Data extract: Begin

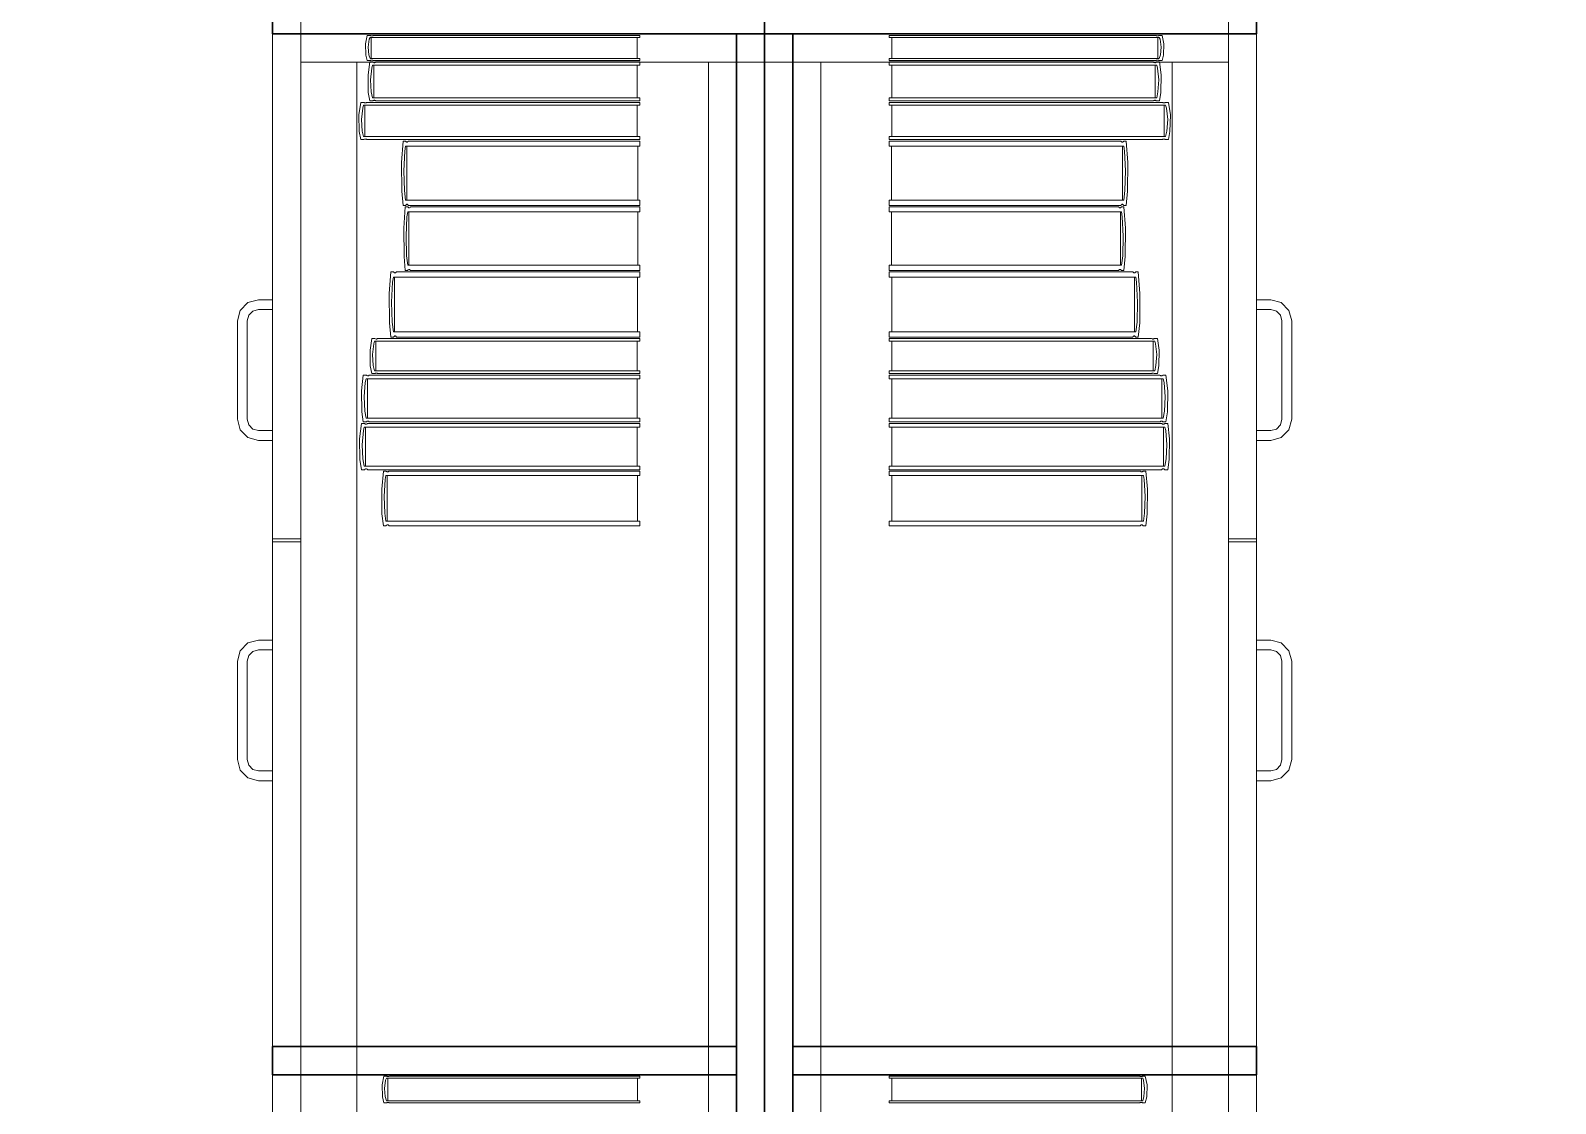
# Model space of a CAD drawing. Header units: inches. Extents: x -38 to 5698, y -33 to 92.
# Drawn here: x 288.548 to 289.633, y 9.052 to 9.815 of the extents above; entities that cross this region are included whole.
import ezdxf

# ---------------------------------------------------------------- set-up
doc = ezdxf.new("R2010")
doc.units = ezdxf.units.IN
doc.header["$MEASUREMENT"] = 0
doc.set_wipeout_variables(frame=1)
doc.linetypes.add('Wipeout_Contour', pattern=[1, 0, -1])
for name, color, linetype in [('02 _ ARQ _ ZON _ Espacio.3D', 7, 'Continuous'), ('08 _ STR _ EXT _ 07 Losa Aligerada', 7, 'Continuous'), ('Estructura - 04 MURO', 253, 'Continuous'), ('Estructura - Carga', 7, 'Continuous'), ('Interior - Mobiliario', 7, 'Continuous')]:
    doc.layers.add(name, color=color, linetype=linetype)

msp = doc.modelspace()

# ---------------------------------------------------------------- linework, layer by layer
at = {"layer": '02 _ ARQ _ ZON _ Espacio.3D', "color": 254, "linetype": 'Continuous', "lineweight": 0, "flags": 128}
msp.add_lwpolyline([(285.82, 11.584, 1.006545), (290.9535, 6.4505), (297.3949, 6.4505), (297.3958, 7.7), (297.6258, 7.7), (297.6258, 6.4505), (302.4195, 6.4505), (302.4195, 7.7), (302.995, 7.7), (302.995, 17.35), (301.67, 17.35), (301.67, 16.9001), (301.07, 16.9), (301.07, 16.2999), (300.57, 16.2998), (300.57, 17.35), (297.52, 17.35), (297.52, 26.5963), (285.82, 26.5963), (285.82, 22.7663), (287.07, 22.7663), (287.07, 22.4977), (285.82, 22.4977)], format="xyb", close=True, dxfattribs=at)
at = {"layer": '08 _ STR _ EXT _ 07 Losa Aligerada', "color": 7, "linetype": 'Continuous', "lineweight": 18, "flags": 128}
msp.add_lwpolyline([(300.87, 41.4352), (299.92, 41.4352), (299.92, 42.9), (294.72, 42.9), (294.72, 41.4352), (293.7699, 41.4352), (293.7699, 39.9), (288.7701, 39.9), (288.7701, 41.1), (285.3701, 41.1), (285.3701, 37.7), (286.57, 37.7), (286.57, 33.9), (285.67, 33.9), (285.67, 21.2663), (285.72, 21.2663), (285.72, 11.97, 1.049431), (291.2937, 6.3), (302.1003, 6.3)], format="xyb", dxfattribs=at)
at = {"layer": 'Estructura - 04 MURO', "color": 7, "linetype": 'Continuous', "lineweight": 13}
for radius, start, end in [(3.78, 135.5846, 314.4045), (3.63, 134.6262, 311.932)]:
    msp.add_arc((288.37, 9.0005), radius, start, end, dxfattribs=at)
at = {"layer": 'Estructura - Carga', "color": 7, "linetype": 'Continuous', "lineweight": 30}
for radius in [3.93, 3.78]:
    msp.add_arc((288.37, 9.0005), radius, 135.5829, 314.4197, dxfattribs=at)
at = {"layer": 'Estructura - Carga', "color": 7, "linetype": 'Continuous', "lineweight": 13}
for radius in [3.81, 3.8, 3.79]:
    msp.add_arc((288.37, 9.0005), radius, 135.9588, 314.0437, dxfattribs=at)
at = {"layer": 'Interior - Mobiliario', "color": 175, "linetype": 'Continuous', "lineweight": 13}
for p, q in [((288.74, 8.3523), (288.74, 9.8123)), ((288.74, 9.8123), (289.05, 9.8123)), ((289.05, 9.8123), (289.05, 8.3523)), ((289.09, 9.8123), (289.09, 8.3523)), ((289.4, 9.8123), (289.09, 9.8123)), ((289.4, 8.3523), (289.4, 9.8123)), ((288.7863, 9.7973), (288.786, 9.8053)), ((288.7873, 9.7934), (288.7863, 9.7973)), ((288.7879, 9.803), (288.7884, 9.7975)), ((288.7884, 9.7975), (288.7893, 9.7948)), ((289.3516, 9.7975), (289.3507, 9.7948)), ((289.3521, 9.803), (289.3516, 9.7975)), ((289.3527, 9.7934), (289.3537, 9.7973)), ((289.3537, 9.7973), (289.354, 9.8053)), ((288.74, 9.7923), (288.78, 9.7923)), ((288.78, 9.7923), (289.03, 9.7923)), ((288.7894, 9.7934), (288.7873, 9.7934)), ((288.7879, 9.7832), (288.7892, 9.7924)), ((288.7892, 9.7924), (288.7913, 9.7924)), ((288.7893, 9.7948), (288.9813, 9.7948)), ((288.7896, 9.7935), (288.7894, 9.7934)), ((288.7898, 9.7936), (288.7896, 9.7935)), ((288.7905, 9.7881), (288.7897, 9.7796)), ((288.7901, 9.7937), (288.7898, 9.7936)), ((288.7903, 9.7937), (288.7901, 9.7937)), ((288.7906, 9.7937), (288.7903, 9.7937)), ((288.7911, 9.7902), (288.7905, 9.7881)), ((288.7909, 9.7937), (288.7906, 9.7937)), ((288.7912, 9.7936), (288.7909, 9.7937)), ((288.9813, 9.7902), (288.7911, 9.7902)), ((288.7914, 9.7935), (288.7912, 9.7936)), ((288.7913, 9.7924), (288.7914, 9.7923)), ((288.7916, 9.7934), (288.7914, 9.7935)), ((288.7914, 9.7923), (288.7917, 9.7921)), ((288.9813, 9.7934), (288.7916, 9.7934)), ((288.7917, 9.7921), (288.7919, 9.792)), ((288.7919, 9.792), (288.7922, 9.7919)), ((288.7921, 9.7669), (288.7921, 9.7902)), ((288.7922, 9.7919), (288.7925, 9.7919)), ((288.7925, 9.7919), (288.7928, 9.792)), ((288.7928, 9.792), (288.793, 9.7921)), ((288.793, 9.7921), (288.7933, 9.7923)), ((288.7933, 9.7923), (288.7934, 9.7924)), ((288.7934, 9.7924), (288.9813, 9.7924)), ((288.9794, 9.7902), (288.9794, 9.7669)), ((288.9813, 9.7948), (288.9813, 9.7934)), ((288.9813, 9.7924), (288.9813, 9.7902)), ((289.36, 9.7923), (289.11, 9.7923)), ((289.3507, 9.7948), (289.1587, 9.7948)), ((289.1587, 9.7948), (289.1587, 9.7934)), ((289.1587, 9.7934), (289.3484, 9.7934)), ((289.3466, 9.7924), (289.1587, 9.7924)), ((289.1587, 9.7924), (289.1587, 9.7902)), ((289.1587, 9.7902), (289.3489, 9.7902)), ((289.1606, 9.7902), (289.1606, 9.7669)), ((289.3467, 9.7923), (289.3466, 9.7924)), ((289.3469, 9.7921), (289.3467, 9.7923)), ((289.3472, 9.792), (289.3469, 9.7921)), ((289.3475, 9.7919), (289.3472, 9.792)), ((289.3478, 9.7919), (289.3475, 9.7919)), ((289.348, 9.792), (289.3478, 9.7919)), ((289.3479, 9.7669), (289.3479, 9.7902)), ((289.3483, 9.7921), (289.348, 9.792)), ((289.3486, 9.7923), (289.3483, 9.7921)), ((289.3484, 9.7934), (289.3486, 9.7935)), ((289.3486, 9.7935), (289.3488, 9.7936)), ((289.3487, 9.7924), (289.3486, 9.7923)), ((289.3508, 9.7924), (289.3487, 9.7924)), ((289.3488, 9.7936), (289.3491, 9.7937)), ((289.3489, 9.7902), (289.3495, 9.7881)), ((289.3491, 9.7937), (289.3494, 9.7937)), ((289.3494, 9.7937), (289.3496, 9.7937)), ((289.3495, 9.7881), (289.3503, 9.7796)), ((289.3496, 9.7937), (289.3499, 9.7937)), ((289.3499, 9.7937), (289.3502, 9.7936)), ((289.3502, 9.7936), (289.3504, 9.7935)), ((289.3504, 9.7935), (289.3505, 9.7934)), ((289.3505, 9.7934), (289.3527, 9.7934)), ((289.3521, 9.7832), (289.3508, 9.7924)), ((289.4, 9.7923), (289.36, 9.7923)), ((288.7881, 9.7708), (288.7879, 9.7832)), ((288.7897, 9.7796), (288.7902, 9.7711)), ((289.3503, 9.7796), (289.3498, 9.7711)), ((289.3519, 9.7708), (289.3521, 9.7832)), ((288.7814, 9.7549), (288.7828, 9.7637)), ((288.7828, 9.7637), (288.7849, 9.7637)), ((288.7849, 9.7637), (288.7851, 9.7636)), ((288.7851, 9.7636), (288.7853, 9.7634)), ((288.7853, 9.7634), (288.7856, 9.7633)), ((288.7856, 9.7633), (288.7859, 9.7633)), ((288.7859, 9.7633), (288.7862, 9.7633)), ((288.7862, 9.7633), (288.7865, 9.7634)), ((288.7865, 9.7634), (288.7868, 9.7635)), ((288.7868, 9.7635), (288.787, 9.7636)), ((288.787, 9.7636), (288.7871, 9.7637)), ((288.7871, 9.7637), (288.9813, 9.7637)), ((288.7892, 9.7647), (288.7881, 9.7708)), ((288.7913, 9.7647), (288.7892, 9.7647)), ((288.7902, 9.7711), (288.7911, 9.7669)), ((288.7911, 9.7669), (288.9813, 9.7669)), ((288.7914, 9.7648), (288.7913, 9.7647)), ((288.7916, 9.765), (288.7914, 9.7648)), ((288.7919, 9.7651), (288.7916, 9.765)), ((288.7922, 9.7652), (288.7919, 9.7651)), ((288.7924, 9.7652), (288.7922, 9.7652)), ((288.7927, 9.7651), (288.7924, 9.7652)), ((288.793, 9.765), (288.7927, 9.7651)), ((288.7932, 9.7649), (288.793, 9.765)), ((288.7934, 9.7647), (288.7932, 9.7649)), ((288.9813, 9.7647), (288.7934, 9.7647)), ((288.9813, 9.7669), (288.9813, 9.7647)), ((288.9813, 9.7637), (288.9813, 9.7616)), ((289.3489, 9.7669), (289.1587, 9.7669)), ((289.1587, 9.7669), (289.1587, 9.7647)), ((289.1587, 9.7647), (289.3466, 9.7647)), ((289.3529, 9.7637), (289.1587, 9.7637)), ((289.1587, 9.7637), (289.1587, 9.7616)), ((289.3466, 9.7647), (289.3467, 9.7649)), ((289.3467, 9.7649), (289.347, 9.765)), ((289.347, 9.765), (289.3473, 9.7651)), ((289.3473, 9.7651), (289.3475, 9.7652)), ((289.3475, 9.7652), (289.3478, 9.7652)), ((289.3478, 9.7652), (289.3481, 9.7651)), ((289.3481, 9.7651), (289.3484, 9.765)), ((289.3484, 9.765), (289.3486, 9.7648)), ((289.3486, 9.7648), (289.3487, 9.7647)), ((289.3487, 9.7647), (289.3508, 9.7647)), ((289.3498, 9.7711), (289.3489, 9.7669)), ((289.3508, 9.7647), (289.3519, 9.7708)), ((289.353, 9.7636), (289.3529, 9.7637)), ((289.3532, 9.7635), (289.353, 9.7636)), ((289.3535, 9.7634), (289.3532, 9.7635)), ((289.3538, 9.7633), (289.3535, 9.7634)), ((289.3541, 9.7633), (289.3538, 9.7633)), ((289.3544, 9.7633), (289.3541, 9.7633)), ((289.3546, 9.7634), (289.3544, 9.7633)), ((289.3549, 9.7636), (289.3546, 9.7634)), ((289.3551, 9.7637), (289.3549, 9.7636)), ((289.3572, 9.7637), (289.3551, 9.7637)), ((289.3586, 9.7549), (289.3572, 9.7637)), ((288.7817, 9.743), (288.7814, 9.7549)), ((288.7842, 9.7596), (288.7833, 9.7514)), ((288.7847, 9.7616), (288.7842, 9.7596)), ((288.9813, 9.7616), (288.7847, 9.7616)), ((288.7857, 9.7393), (288.7857, 9.7616)), ((288.9794, 9.7616), (288.9794, 9.7393)), ((289.1587, 9.7616), (289.3552, 9.7616)), ((289.1606, 9.7616), (289.1606, 9.7393)), ((289.3542, 9.7393), (289.3542, 9.7616)), ((289.3552, 9.7616), (289.3558, 9.7596)), ((289.3558, 9.7596), (289.3567, 9.7514)), ((289.3583, 9.743), (289.3586, 9.7549)), ((288.7828, 9.7372), (288.7817, 9.743)), ((288.7833, 9.7514), (288.7838, 9.7433)), ((288.7838, 9.7433), (288.7847, 9.7393)), ((289.3562, 9.7433), (289.3552, 9.7393)), ((289.3567, 9.7514), (289.3562, 9.7433)), ((289.3572, 9.7372), (289.3583, 9.743)), ((288.7849, 9.7372), (288.7828, 9.7372)), ((288.7847, 9.7393), (288.9813, 9.7393)), ((288.785, 9.7373), (288.7849, 9.7372)), ((288.7853, 9.7374), (288.785, 9.7373)), ((288.7856, 9.7375), (288.7853, 9.7374)), ((288.7858, 9.7376), (288.7856, 9.7375)), ((288.7861, 9.7376), (288.7858, 9.7376)), ((288.7864, 9.7376), (288.7861, 9.7376)), ((288.7867, 9.7375), (288.7864, 9.7376)), ((288.787, 9.7373), (288.7867, 9.7375)), ((288.7871, 9.7372), (288.787, 9.7373)), ((288.9813, 9.7372), (288.7871, 9.7372)), ((288.8117, 9.7209), (288.8128, 9.7362)), ((288.8128, 9.7362), (288.8147, 9.7362)), ((288.8145, 9.7325), (288.814, 9.729)), ((288.9813, 9.7325), (288.8145, 9.7325)), ((288.8147, 9.7362), (288.8148, 9.7359)), ((288.8148, 9.7359), (288.815, 9.7357)), ((288.815, 9.7357), (288.8153, 9.7355)), ((288.8153, 9.7355), (288.8155, 9.7354)), ((288.8154, 9.6941), (288.8154, 9.7325)), ((288.8155, 9.7354), (288.8158, 9.7354)), ((288.8158, 9.7354), (288.816, 9.7355)), ((288.816, 9.7355), (288.8162, 9.7357)), ((288.8162, 9.7357), (288.8165, 9.736)), ((288.8165, 9.736), (288.8165, 9.7362)), ((288.8165, 9.7362), (288.9813, 9.7362)), ((288.9797, 9.7325), (288.9797, 9.6941)), ((288.9813, 9.7393), (288.9813, 9.7372)), ((288.9813, 9.7362), (288.9813, 9.7325)), ((289.3552, 9.7393), (289.1587, 9.7393)), ((289.1587, 9.7393), (289.1587, 9.7372)), ((289.1587, 9.7372), (289.3529, 9.7372)), ((289.3234, 9.7362), (289.1587, 9.7362)), ((289.1587, 9.7362), (289.1587, 9.7325)), ((289.1587, 9.7325), (289.3255, 9.7325)), ((289.1603, 9.7325), (289.1603, 9.6941)), ((289.3235, 9.736), (289.3234, 9.7362)), ((289.3238, 9.7357), (289.3235, 9.736)), ((289.324, 9.7355), (289.3238, 9.7357)), ((289.3242, 9.7354), (289.324, 9.7355)), ((289.3245, 9.7354), (289.3242, 9.7354)), ((289.3247, 9.7355), (289.3245, 9.7354)), ((289.3246, 9.6941), (289.3246, 9.7325)), ((289.325, 9.7357), (289.3247, 9.7355)), ((289.3252, 9.7359), (289.325, 9.7357)), ((289.3253, 9.7362), (289.3252, 9.7359)), ((289.3271, 9.7362), (289.3253, 9.7362)), ((289.3255, 9.7325), (289.326, 9.729)), ((289.3283, 9.7209), (289.3271, 9.7362)), ((289.3529, 9.7372), (289.353, 9.7373)), ((289.353, 9.7373), (289.3533, 9.7375)), ((289.3533, 9.7375), (289.3536, 9.7376)), ((289.3536, 9.7376), (289.3539, 9.7376)), ((289.3539, 9.7376), (289.3541, 9.7376)), ((289.3541, 9.7376), (289.3544, 9.7375)), ((289.3544, 9.7375), (289.3547, 9.7374)), ((289.3547, 9.7374), (289.355, 9.7373)), ((289.355, 9.7373), (289.3551, 9.7372)), ((289.3551, 9.7372), (289.3572, 9.7372)), ((288.8119, 9.7005), (288.8117, 9.7209)), ((288.814, 9.729), (288.8133, 9.715)), ((289.326, 9.729), (289.3267, 9.715)), ((289.3281, 9.7005), (289.3283, 9.7209)), ((288.8133, 9.715), (288.8138, 9.7009)), ((289.3267, 9.715), (289.3262, 9.7009)), ((288.8128, 9.6904), (288.8119, 9.7005)), ((288.8138, 9.7009), (288.8145, 9.6941)), ((289.3262, 9.7009), (289.3255, 9.6941)), ((289.3271, 9.6904), (289.3281, 9.7005)), ((288.8147, 9.6904), (288.8128, 9.6904)), ((288.8133, 9.6743), (288.8144, 9.6894)), ((288.8144, 9.6894), (288.8162, 9.6894)), ((288.8145, 9.6941), (288.9813, 9.6941)), ((288.8148, 9.6906), (288.8147, 9.6904)), ((288.815, 9.6909), (288.8148, 9.6906)), ((288.8152, 9.6911), (288.815, 9.6909)), ((288.8155, 9.6912), (288.8152, 9.6911)), ((288.8157, 9.6912), (288.8155, 9.6912)), ((288.816, 9.6911), (288.8157, 9.6912)), ((288.8162, 9.6909), (288.816, 9.6911)), ((288.8164, 9.6907), (288.8162, 9.6909)), ((288.8162, 9.6894), (288.8164, 9.6892)), ((288.8165, 9.6904), (288.8164, 9.6907)), ((288.8164, 9.6892), (288.8166, 9.6889)), ((288.9813, 9.6904), (288.8165, 9.6904)), ((288.8166, 9.6889), (288.8168, 9.6888)), ((288.8168, 9.6888), (288.8171, 9.6887)), ((288.8171, 9.6887), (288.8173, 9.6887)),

Data extract: End

From the first line of the entries above down to the line holding "import ezdxf", quote each line exactly and nothing else, skipping pictures.

» Answer space
# Model space of a CAD drawing. Header units: inches. Extents: x -38 to 5698, y -33 to 92.
# Drawn here: x 288.548 to 289.633, y 9.052 to 9.815 of the extents above; entities that cross this region are included whole.
import ezdxf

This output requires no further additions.